This report is a comprehensive business tool, designed to provide an in-depth look at mobile applications of DNA sequencing. The geographical scope of the report is global, with a special emphasis on individual regions. The report describes the industry, its relationship to the healthcare sector and its participants and trends for the future.

Areas discussed include current funding being provided by the National Institutes of Health (NIH) in the U.S. and the National Health Service (NHS) in the U.K., which are at the forefront of this developing market. Funding worldwide is discussed in this report, together with the thought processes behind applying precision medicine to healthcare services.

Clinical trials are discussed in the report, together with developing technologies, software and cloud data storage, which are driving the translational science market for future precision medicine healthcare.

Categories discussed in the report include applications of:

  • DNA sequencing/mapping.
  • Genome sequencing/mapping.
  • Gene sequencing/mapping.
  • Exome sequencing.
  • Metagenomics.
  • Targeted sequencing.

Devices for individual use, which in the main use Android or iOS operating systems, are discussed briefly. While the device market is not specifically part of this report, the developing technology will be used for the future of this market, including:

  • iPads.
  • PCs.

The end-use segments discussed in the report are:

  • Genealogy.
  • Computational biology/rare diseases.

Categories, platform segments and regions are discussed in detail, including describing and identifying current products on the market, measuring the market size, and market drivers with a forecast to 2022. Competitors are assessed, together with their respective market shares. For the country-level breakdown of segments, only the base year 2017 and projections to 2022 are indicated in the data in the tables. Year-to-year differences are considered as statistically insignificant.

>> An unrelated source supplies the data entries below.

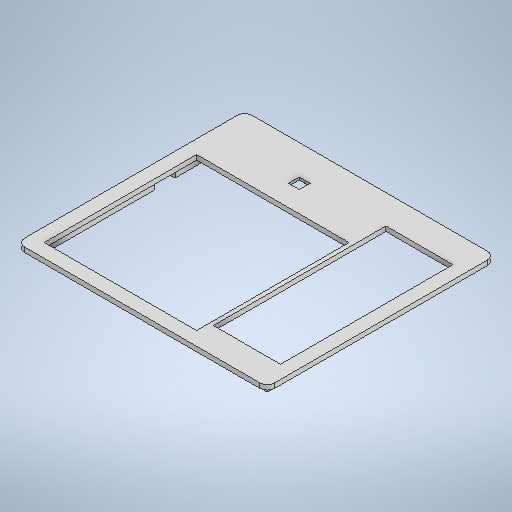
# Autodesk Inventor part: EnclosureLid
Saved by Autodesk Inventor 2025.2 (Build 292293000, 293)
## iProperties
Created: 2025-04-29
Part Number: EnclosureLid
Material: Generic
Document SubType Name: Modeling
Designer: mathe
Density: 1 g/cm^3
Appearance: Default
Author: mathe
Autodesk Inventor part; units mm, degrees
ref_plane "YZ Plane" through (0, 0, 0) normal (1, 0, 0) x (0, 1, 0)
ref_plane "XZ Plane" through (0, 0, 0) normal (0, 1, 0) x (-1, 0, 0)
ref_plane "XY Plane" through (0, 0, 0) normal (0, 0, 1) x (1, 0, 0)
sketch "Sketch1" plane through (0, 0, 0) normal (0, 1, 0) x (-1, 0, 0)
  circle A0 centre (-103.3712, -13.8328) radius 2.5
  circle A1 centre (-103.3712, -93.8328) radius 2.5
  circle A2 centre (-78.3712, -13.8328) radius 2.5
  circle A3 centre (-78.3712, -93.8328) radius 2.5
  line L0 (-8.8712, -9.8328) -> (-107.3712, -9.8328)
  line L1 (-107.3712, -9.8328) -> (-107.3712, -98.8828)
  line L2 (-107.3712, -98.8828) -> (-8.8712, -98.8828)
  line L3 (-8.8712, -98.8828) -> (-8.8712, -69.8328)
  line L4 (-5.8712, -69.8328) -> (-8.8712, -69.8328)
  line L5 (-5.8712, -57.8328) -> (-5.8712, -69.8328)
  line L6 (-5.8712, -57.8328) -> (-8.8712, -57.8328)
  line L7 (-8.8712, -57.8328) -> (-8.8712, -9.8328)
  line L8 (-8.8712, -57.8328) -> (-6.8712, -57.8328)
  line L9 (-6.8712, -57.8328) -> (-6.8712, -69.8328)
  line L10 (-6.8712, -69.8328) -> (-8.8712, -69.8328)
  line L11 (-8.8712, -69.8328) -> (-8.8712, -98.8828)
  line L12 (-8.8712, -98.8828) -> (-107.3712, -98.8828)
  line L13 (-107.3712, -98.8828) -> (-107.3712, -9.8328)
  line L14 (-107.3712, -9.8328) -> (-8.8712, -9.8328)
  line L15 (-8.8712, -9.8328) -> (-8.8712, -57.8328)
  line L16 (-5.8712, -6.8328) -> (-110.3712, -6.8328)
  line L17 (-110.3712, -6.8328) -> (-110.3712, -101.8828)
  line L18 (-110.3712, -101.8828) -> (-5.8712, -101.8828)
  line L19 (-5.8712, -101.8828) -> (-5.8712, -6.8328)
  line L20 (-103.3712, -93.8328) -> (-78.3712, -93.8328) construction
  line L21 (-78.3712, -93.8328) -> (-78.3712, -13.8328) construction
  line L22 (-78.3712, -13.8328) -> (-103.3712, -13.8328) construction
  line L23 (-103.3712, -13.8328) -> (-103.3712, -93.8328) construction
  line L24 (-90.8712, -93.8328) -> (-90.8712, -13.8328) construction
  line L25 (-103.3712, -53.8328) -> (-78.3712, -53.8328) construction
  line L26 (-76.8712, -89.8328) -> (-104.8712, -89.8328)
  line L27 (-104.8712, -89.8328) -> (-104.8712, -17.8328)
  line L28 (-104.8712, -17.8328) -> (-76.8712, -17.8328)
  line L29 (-76.8712, -17.8328) -> (-76.8712, -89.8328)
  line L30 (-76.8712, -89.8328) -> (-104.8712, -17.8328) construction
  line L31 (-104.8712, -89.8328) -> (-76.8712, -17.8328) construction
  line L32 (-9.0712, -58.0328) -> (-7.0712, -58.0328)
  line L33 (-7.0712, -58.0328) -> (-7.0712, -69.6328)
  line L34 (-7.0712, -69.6328) -> (-9.0712, -69.6328)
  line L35 (-9.0712, -69.6328) -> (-9.0712, -98.6828)
  line L36 (-9.0712, -98.6828) -> (-107.1712, -98.6828)
  line L37 (-107.1712, -98.6828) -> (-107.1712, -10.0328)
  line L38 (-107.1712, -10.0328) -> (-9.0712, -10.0328)
  line L39 (-9.0712, -10.0328) -> (-9.0712, -58.0328)
  line L40 (-10.5712, -59.5328) -> (-8.5712, -59.5328)
  line L41 (-8.5712, -59.5328) -> (-8.5712, -68.1328)
  line L42 (-8.5712, -68.1328) -> (-10.5712, -68.1328)
  line L43 (-10.5712, -68.1328) -> (-10.5712, -97.1828)
  line L44 (-10.5712, -97.1828) -> (-105.6712, -97.1828)
  line L45 (-105.6712, -97.1828) -> (-105.6712, -11.5328)
  line L46 (-105.6712, -11.5328) -> (-10.5712, -11.5328)
  line L47 (-10.5712, -11.5328) -> (-10.5712, -59.5328)
  line L48 (-10.5712, -11.5328) -> (-76.1712, -11.5328)
  line L49 (-76.1712, -11.5328) -> (-76.1712, -77.1328)
  line L50 (-76.1712, -77.1328) -> (-10.5712, -77.1328)
  line L51 (-10.5712, -77.1328) -> (-10.5712, -11.5328)
  line L52 (-11.5712, -76.1328) -> (-75.1712, -76.1328)
  line L53 (-75.1712, -76.1328) -> (-75.1712, -12.5328)
  line L54 (-75.1712, -12.5328) -> (-11.5712, -12.5328)
  line L55 (-11.5712, -12.5328) -> (-11.5712, -76.1328)
  line L56 (-76.1712, -77.1328) -> (-10.5712, -77.1328)
  line L57 (-10.5712, -77.1328) -> (-10.5712, -97.1828)
  line L58 (-10.5712, -97.1828) -> (-76.1712, -97.1828)
  line L59 (-76.1712, -97.1828) -> (-76.1712, -77.1328)
  line L60 (-43.3712, -97.1828) -> (-43.3712, -77.1328) construction
  line L61 (-10.5712, -87.1578) -> (-76.1712, -87.1578) construction
  line L62 (-40.1712, -90.3578) -> (-46.5712, -90.3578)
  line L63 (-46.5712, -90.3578) -> (-46.5712, -83.9578)
  line L64 (-46.5712, -83.9578) -> (-40.1712, -83.9578)
  line L65 (-40.1712, -83.9578) -> (-40.1712, -90.3578)
  line L66 (-40.1712, -90.3578) -> (-46.5712, -83.9578) construction
  line L67 (-46.5712, -90.3578) -> (-40.1712, -83.9578) construction
  line L68 (-41.1212, -89.4078) -> (-45.6212, -89.4078)
  line L69 (-45.6212, -89.4078) -> (-45.6212, -84.9078)
  line L70 (-45.6212, -84.9078) -> (-41.1212, -84.9078)
  line L71 (-41.1212, -84.9078) -> (-41.1212, -89.4078)
  line L72 (-41.1212, -89.4078) -> (-45.6212, -84.9078) construction
  line L73 (-45.6212, -89.4078) -> (-41.1212, -84.9078) construction
  point P0 (0, 0)
  point P1 (-90.8712, -53.8328)
  point P2 (-105.6712, -94.8126)
  point P3 (-105.6712, -92.853)
  point P4 (-105.6712, -14.8126)
  point P5 (-105.6712, -12.853)
  point P6 (-104.351, -11.5328)
  point P7 (-102.3914, -11.5328)
  point P8 (-79.351, -11.5328)
  point P9 (-77.3914, -11.5328)
  point P10 (-43.3712, -87.1578)
  dimension "d0" = 28
  dimension "d1" = 72
  dimension "d2" = 0.2
  dimension "d3" = 1.5
  dimension "d10" = 65.6
  dimension "d11" = 65.6
  dimension "d12" = 1
  dimension "d15" = 6.4
  dimension "d16" = 6.4
  dimension "d17" = 4.5
  dimension "d18" = 4.5
  constraints: 148 end point, 16 midpoint, 14 parallel, 7 perpendicular, 6 horizontal, 4 centre point, 17 other
  measures "d0" distance of L27.end L28.end
  measures "d1" distance of L26.end L27.end
  measures "d2" distance between parallel lines of L15 L39
  measures "d3" distance between parallel lines of L39 L47
  measures "d10" distance of L50.end L49.end
  measures "d11" distance of L49.end L48.end
  measures "d12" distance between parallel lines of L50 L52
  measures "d15" distance of L63.end L64.end
  measures "d16" distance of L62.end L63.end
  measures "d17" distance of L69.end L70.end
  measures "d18" distance of L68.end L69.end
extrude "Extrusion1" add sketch "Sketch1" against normal blind 3 contours L46 A0 | A0 L45 | A2 L46 | L45 A1 | L32 L33 L34 L35 L36 L37 L38 L39 picked at (-105.721, -93.6661)
extrude "Extrusion2" add sketch "Sketch1" along normal blind 2 contours A0 L45 L46 | A0 L46 A2 L49 L59 A3 L44 L45 A1 | L46 A0 | A0 L45 | A0 L45 L46 | L46 A2 L49 | A2 L46 | L45 A1 | A1 L45 | L46 L49 A2 | L49 A2 | A2 L49 L46 L47 L51 L43 L50 | L50 L43 L44 L59 A3 | L59 A3 | A3 L59 | L40 L41 L42 L51 | L7 L6 L9 L4 L3 L2 L1 L0 | L0 L1 L2 L3 L4 L19 L18 L17 L16 L6 L7 | L6 L5 L4 L9 | L26 L27 L28 L29 | L32 L33 L34 L35 L36 L37 L38 L39 | L52 L53 L54 L55 | L62 L63 L64 L65 | L68 L69 L70 L71
extrude "Extrusion3" cut sketch "Sketch1" along normal up to surface (2 mm away) contours L26 L27 L28 L29
extrude "Extrusion4" cut sketch "Sketch1" along normal up to surface (2 mm away) contours L52 L53 L54 L55
extrude "Extrusion5" cut sketch "Sketch1" along normal up to surface (2 mm away) contours L68 L69 L70 L71
extrude "Extrusion6" cut sketch "Sketch1" along normal blind 1 contours L62 L63 L64 L65
fillet "Fillet1" radius 3.175 4 edges at (5.8712, 1, -101.8828) (5.8712, 1, -6.8328) (110.3712, 1, -6.8328) (110.3712, 1, -101.8828)
body "Solid1"

The market evaluation in the study pertains to existing processes and/or devices used in the mobile application of DNA sequencing, and which have been developed and approved for human clinical use. The market size takes this into account. Options/upgrades or refurbished/remarketed equipment has not been accounted for in the quantitative estimates and forecasts provided in the study. Ancillary products and services also related to the application of DNA sequencing conditions are discussed. Metrics countrywide, using information at the country level to look at the dynamics and their impact on reviews and growth, are used. Interviews were used to confirm and/or adjust the U.S. market size and market share estimates, as well as formulating market projections.

This report concentrates on the processes behind DNA sequencing techniques and discusses the developers of DNA sequencing and mobile applications of DNA sequencing and the history, processes and future developments being used to create and develop mobile applications.

Included in the report is a general overview of the genetic processes and terms used in the main areas of genomic studies and preparations. The report provides an outline only of the main areas involved with DNA sequencing.

This is a new market moving forward into revolutionary global healthcare through precision medicine. This report therefore reflects the new apps that have just become available in the market, together with developing technology. Clinical trials pertaining to moving toward the new global healthcare of precision medicine is studied in this report.

Included in the report is the developing market in the bioinformatics field of genetics and translational medicine from current standard medical practices to medical practices involving computational biology. Some devices studied in the report touch on the current and future market. The devices forecasted in the report are those that pertain to the current developing mobile apps market.

Specifically excluded from the study, as it is considered beyond the scope of the report, is an in-depth study of individuals who have had their DNA sequenced or mapped. Also excluded from the report is a detailed, in-depth study of the types of technology and methodology and terminology used, although this is outlined in general. Also excluded from the report is a detailed study of all the processes involved in genetics/genomes/sequencing as this topic is too vast in itself to explore in this report.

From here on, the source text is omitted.